Johnson v. Kindred Healthcare

In Johnson v. Kindred Healthcare, Inc., Case No. SJC-11335, 2014 Mass. LEXIS 7 (January 13, 2014), the Supreme Judicial Court answered the question of first impression in Massachusetts of whether a health care agent’s agreement with a health care facility to arbitrate disputes arising from the principal’s stay at the facility constitutes a “health care decision” binding on the principal pursuant to the health care proxy statute, G.L. c. 201D, § 5.

The brief background is that the administrators of the decedent’s estate brought a wrongful death action in Superior Court against a nursing home and related entities and individuals.  In response, the defendants sought to enforce the mandatory arbitration provision in the nursing home agreement.  The decedent’s health care agent (his wife) had signed the agreement on his behalf.

The estate argued that the health care agent’s entering into the agreement, and specifically the mandatory arbitration provision, was not binding because it was not a “health care decision” as that term is defined and used in the health care proxy statute.  The Court agreed, explaining that the Massachusetts Legislature intended to distinguish between a health care proxy, which limits an agent’s decision-making authority on behalf of an incapacitated person to health care decisions, and a durable power of attorney, guardianship or conservatorship, each of which authorizes much broader decision-making power on behalf of an incompetent person.  “Unlike a health care proxy, a durable power of attorney can authorize an agent to make decisions affecting the principal’s business, estate, finances, and legal relationships in a variety of contexts unrelated to health care.”

In support of this conclusion, which comports with the majority view in other jurisdictions that have considered similar issues, the Court pointed to the history of the health care proxy statute, where the Legislature considered but rejected an alternative bill that would have combined the roles of health care agent and attorney-in-fact, and noted that the statutory scheme ultimately enacted by the Legislature maintains a distinction between these fiduciary roles.  The Court also reasoned that if it were to define “health care decisions” more broadly, then many decisions made by a health care agent would override the more expansive powers allocated to an attorney-in-fact, guardian or conservator.

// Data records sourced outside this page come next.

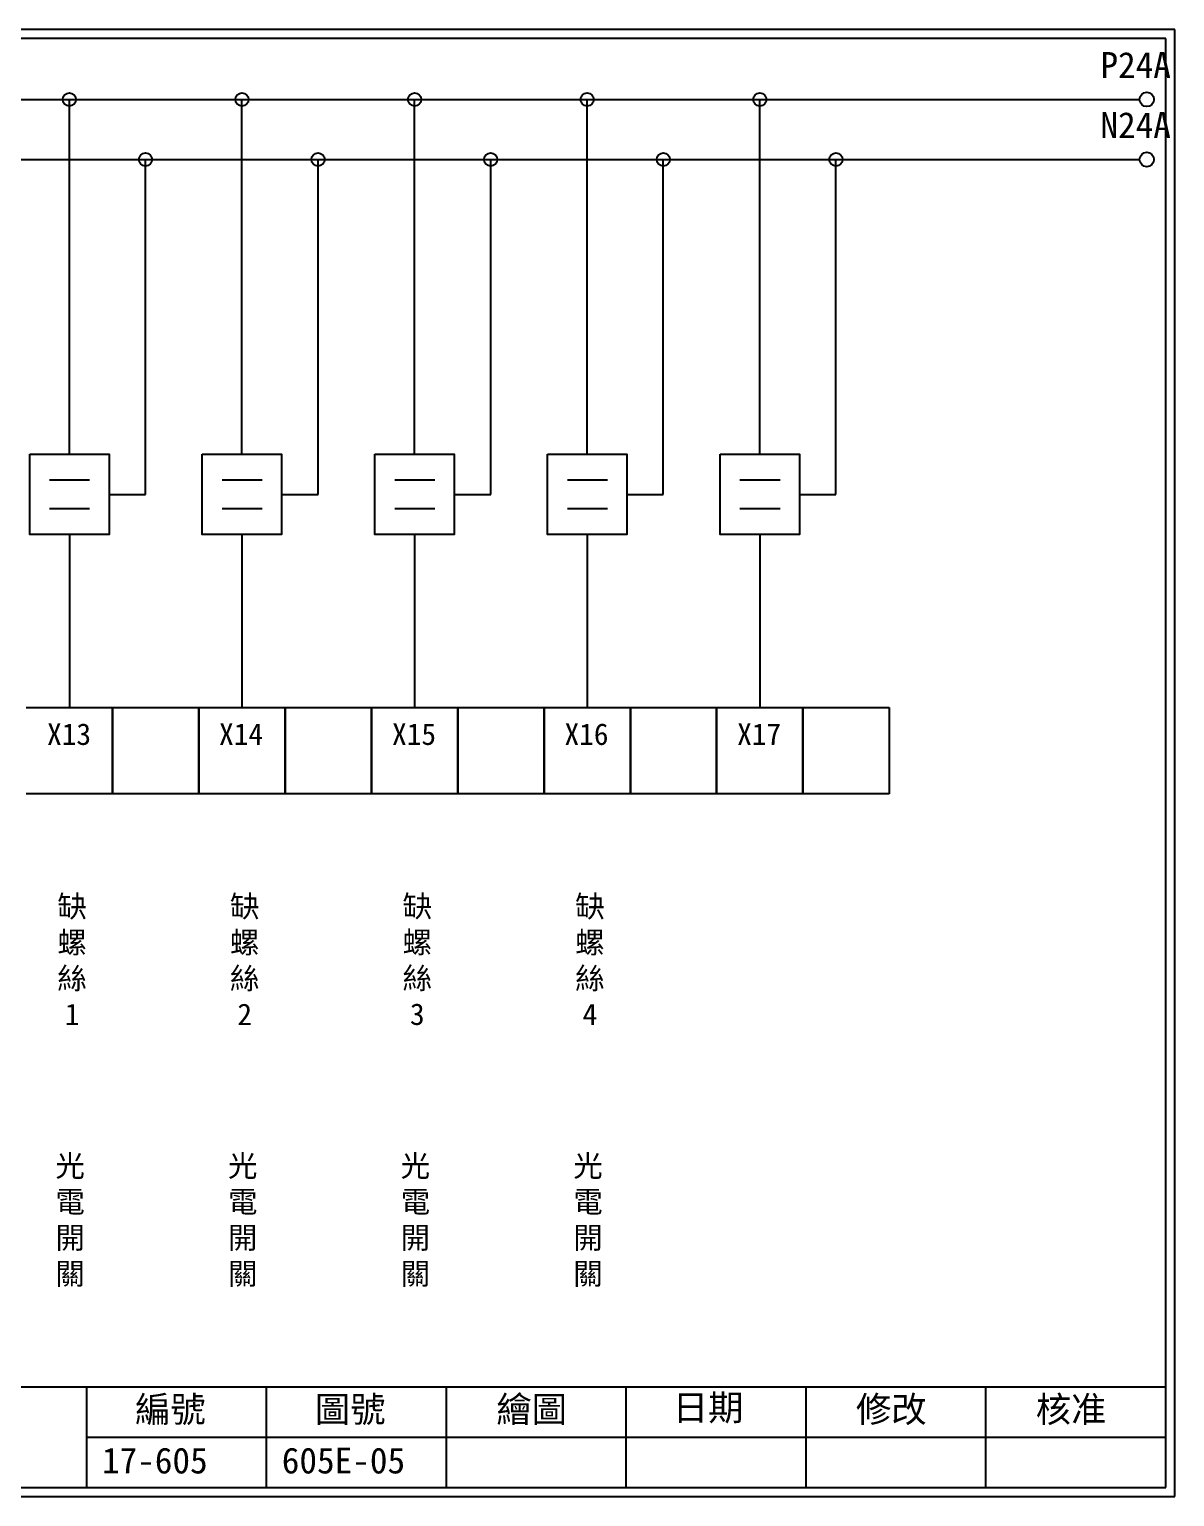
# Model space of a CAD drawing. Extents: x 275 to 562, y 265 to 469.
# Drawn here: x 402.7 to 561.9, y 264.9 to 468.9 of the extents above; entities that cross this region are included whole.
import ezdxf

# ---------------------------------------------------------------- set-up
doc = ezdxf.new("R2010")
doc.units = 0
doc.layers.get('0').update_dxf_attribs({"linetype": 'CONTINUOUS'})
doc.layers.add('圖框層', color=7, linetype='CONTINUOUS')
doc.layers.add('標尺寸層', color=3, linetype='CONTINUOUS')
doc.styles.add('CNS', font='romanc.shx', dxfattribs={"bigfont": 'chineset.shx'})
doc.styles.add('STSL', font='kaiu.ttf')

msp = doc.modelspace()

# ---------------------------------------------------------------- linework, layer by layer
at = {"color": 7}
for p, q in [((418.8, 404.26), (418.8, 450.82)), ((442.8, 404.26), (442.8, 450.82)), ((466.8, 404.26), (466.8, 450.82)), ((490.8, 404.26), (490.8, 450.82)), ((514.8, 404.26), (514.8, 450.82)), ((413.74, 404.26), (418.8, 404.26)), ((437.74, 404.26), (442.8, 404.26)), ((461.74, 404.26), (466.8, 404.26)), ((485.74, 404.26), (490.8, 404.26)), ((509.74, 404.26), (514.8, 404.26))]:
    msp.add_line(p, q, dxfattribs=at)
for points in [[(402.71, 409.84), (413.74, 409.84), (413.74, 398.68), (402.71, 398.68)], [(426.71, 409.84), (437.74, 409.84), (437.74, 398.68), (426.71, 398.68)], [(450.71, 409.84), (461.74, 409.84), (461.74, 398.68), (450.71, 398.68)], [(474.71, 409.84), (485.74, 409.84), (485.74, 398.68), (474.71, 398.68)], [(498.71, 409.84), (509.74, 409.84), (509.74, 398.68), (498.71, 398.68)]]:
    msp.add_lwpolyline(points, close=True, dxfattribs=at)
for centre in [(558.02, 459.17), (558.02, 450.82)]:
    msp.add_circle(centre, 1, dxfattribs=at)
at = {"layer": '圖框層', "color": 7}
for p, q in [((561.9, 468.91), (274.9, 468.91)), ((560.65, 467.66), (276.15, 467.66)), ((560.65, 266.2), (560.65, 467.66)), ((561.9, 264.95), (561.9, 468.91)), ((276.15, 280.2), (560.65, 280.2)), ((410.65, 266.2), (410.65, 280.2)), ((435.65, 266.2), (435.65, 280.2)), ((460.65, 266.2), (460.65, 280.2)), ((485.65, 266.2), (485.65, 280.2)), ((510.65, 266.2), (510.65, 280.2)), ((535.65, 266.2), (535.65, 280.2)), ((410.65, 273.2), (560.65, 273.2)), ((276.15, 266.2), (560.65, 266.2)), ((274.9, 264.95), (561.9, 264.95))]:
    msp.add_line(p, q, dxfattribs=at)
at = {"layer": '標尺寸層', "color": 7}
for p, q in [((279.42, 459.17), (557.02, 459.17)), ((408.22, 409.84), (408.22, 459.17)), ((432.22, 409.84), (432.22, 459.17)), ((456.22, 409.84), (456.22, 459.17)), ((480.22, 409.84), (480.22, 459.17)), ((504.22, 409.84), (504.22, 459.17)), ((279.42, 450.82), (557.02, 450.82)), ((405.46, 406.29), (411.03, 406.29)), ((429.46, 406.29), (435.03, 406.29)), ((453.46, 406.29), (459.03, 406.29)), ((477.46, 406.29), (483.03, 406.29)), ((501.46, 406.29), (507.03, 406.29)), ((405.46, 402.32), (411.03, 402.32)), ((429.46, 402.32), (435.03, 402.32)), ((453.46, 402.32), (459.03, 402.32)), ((477.46, 402.32), (483.03, 402.32)), ((501.46, 402.32), (507.03, 402.32)), ((408.22, 398.68), (408.22, 374.64)), ((432.22, 398.68), (432.22, 374.64)), ((456.22, 398.68), (456.22, 374.64)), ((480.22, 398.68), (480.22, 374.64)), ((504.22, 398.68), (504.22, 374.64)), ((402.22, 374.64), (414.22, 374.64)), ((414.22, 374.64), (414.22, 362.64)), ((414.22, 374.64), (426.22, 374.64)), ((414.22, 362.64), (414.22, 374.64)), ((426.22, 374.64), (426.22, 362.64)), ((426.22, 374.64), (438.22, 374.64)), ((426.22, 362.64), (426.22, 374.64)), ((438.22, 374.64), (438.22, 362.64)), ((438.22, 374.64), (450.22, 374.64)), ((438.22, 362.64), (438.22, 374.64)), ((450.22, 374.64), (450.22, 362.64)), ((450.22, 374.64), (462.22, 374.64)), ((450.22, 362.64), (450.22, 374.64)), ((462.22, 374.64), (462.22, 362.64)), ((462.22, 374.64), (474.22, 374.64)), ((462.22, 362.64), (462.22, 374.64)), ((474.22, 374.64), (474.22, 362.64)), ((474.22, 374.64), (486.22, 374.64)), ((474.22, 362.64), (474.22, 374.64)), ((486.22, 374.64), (486.22, 362.64)), ((486.22, 374.64), (498.22, 374.64)), ((486.22, 362.64), (486.22, 374.64)), ((498.22, 374.64), (498.22, 362.64)), ((498.22, 374.64), (510.22, 374.64)), ((498.22, 362.64), (498.22, 374.64)), ((510.22, 374.64), (510.22, 362.64)), ((510.22, 374.64), (522.22, 374.64)), ((510.22, 362.64), (510.22, 374.64)), ((522.22, 374.64), (522.22, 362.64)), ((414.22, 362.64), (402.22, 362.64)), ((426.22, 362.64), (414.22, 362.64)), ((438.22, 362.64), (426.22, 362.64)), ((450.22, 362.64), (438.22, 362.64)), ((462.22, 362.64), (450.22, 362.64)), ((474.22, 362.64), (462.22, 362.64)), ((486.22, 362.64), (474.22, 362.64)), ((498.22, 362.64), (486.22, 362.64)), ((510.22, 362.64), (498.22, 362.64)), ((522.22, 362.64), (510.22, 362.64))]:
    msp.add_line(p, q, dxfattribs=at)
for centre in [(408.22, 459.17), (432.22, 459.17), (456.22, 459.17), (480.22, 459.17), (504.22, 459.17), (418.8, 450.82), (442.8, 450.82), (466.8, 450.82), (490.8, 450.82), (514.8, 450.82)]:
    msp.add_circle(centre, 0.92, dxfattribs=at)

# ---------------------------------------------------------------- texts
at = {"layer": '圖框層', "color": 7, "style": 'STSL'}
for s, p in [('P24A', (551.58, 462.16)), ('N24A', (551.58, 453.81)), ('繪圖', (467.59, 275.29)), ('日期', (492.12, 275.53)), ('編號', (417.36, 275.28)), ('圖號', (442.36, 275.28)), ('修改', (517.59, 275.29)), ('核准', (542.59, 275.29)), ('17-605', (412.76, 268.17)), ('605E-05', (437.76, 268.17))]:
    msp.add_text(s, height=3.6, dxfattribs=at).set_placement(p)
at = {"layer": '標尺寸層', "color": 7, "char_height": 3, "attachment_point": 1, "style": 'CNS'}
for s, insert in [('\\pi2.8103;{\\fMingLiU|b0|i0|c136|p49;X13}', (402.31, 372.44)), ('\\pi2.7253;{\\fMingLiU|b0|i0|c136|p49;X14}', (426.31, 372.44)), ('\\pi2.7754;{\\fMingLiU|b0|i0|c136|p49;X15}', (450.31, 372.44)), ('\\pi2.7536;{\\fMingLiU|b0|i0|c136|p49;X16}', (474.31, 372.44)), ('\\pi2.758;{\\fMingLiU|b0|i0|c136|p49;X17}', (498.31, 372.44))]:
    msp.add_mtext_dynamic_manual_height_columns(s, width=12, gutter_width=32.5, heights=[8.35], dxfattribs=dict(at, insert=insert))
at = {"layer": '標尺寸層', "color": 7, "char_height": 3, "width": 4.9608, "attachment_point": 5, "style": 'CNS'}
for s, insert in [('{\\fDFKai-SB|b0|i0|c136|p65;缺螺絲1}', (408.6, 339.49)), ('{\\fDFKai-SB|b0|i0|c136|p65;缺螺絲2}', (432.6, 339.49)), ('{\\fDFKai-SB|b0|i0|c136|p65;缺螺絲3}', (456.6, 339.49)), ('{\\fDFKai-SB|b0|i0|c136|p65;缺螺絲4}', (480.6, 339.49)), ('{\\fDFKai-SB|b0|i0|c136|p65;光電開關}', (408.33, 303.27)), ('{\\fDFKai-SB|b0|i0|c136|p65;光電開關}', (432.33, 303.27)), ('{\\fDFKai-SB|b0|i0|c136|p65;光電開關}', (456.33, 303.27)), ('{\\fDFKai-SB|b0|i0|c136|p65;光電開關}', (480.33, 303.27))]:
    msp.add_mtext(s, dxfattribs=dict(at, insert=insert))

doc.saveas('drawing.dxf')

Rockingham County Nursing Home v. Harnois

In Rockingham County Nursing Home v. Harnois, Civil Action No. 11-11057-JGD, 2014 U.S. Dist. LEXIS 3042 (January 10, 2014), the United States District Court for the District of Massachusetts addressed a nursing home’s fraudulent transfer claim against the trustee of an irrevocable trust.  The nursing home alleged that the settlor transferred to the trust her primary residence, which was also her primary asset, with the intent of avoiding her payment obligation to the nursing home, and that she did not receive equivalent value in return.  The nursing home also claimed that the trust would be unjustly enriched if it were permitted to keep the property.

The Court’s decision includes a lengthy discussion of the facts and certain procedural matters arising from the nursing home’s motion for partial summary judgment and the trust’s motion for leave to amend its answer to assert the statute of limitations as an affirmative defense.  Of particular note is the Court’s finding that the nursing home’s fraudulent conveyance claim is barred by the statute of limitations.  The Court explained that the Massachusetts Uniform Fraudulent Transfers Act (G.L. c. 109A, §§ 1, et seq.) provides that a claim must be brought within four years following the transfer or obligation, or within one year after the transfer or obligation was or could have been reasonably discovered by the claimant, and that a claim based on constructive fraud must be brought within four years after the transfer or obligation, regardless of the claimant’s knowledge.  Here, the Court found the nursing home’s claim to be time-barred, because the claim was based on constructive fraud and more than four years had passed.  Accordingly, the Court did not address the substance of the allegedly fraudulent transfer to the trust.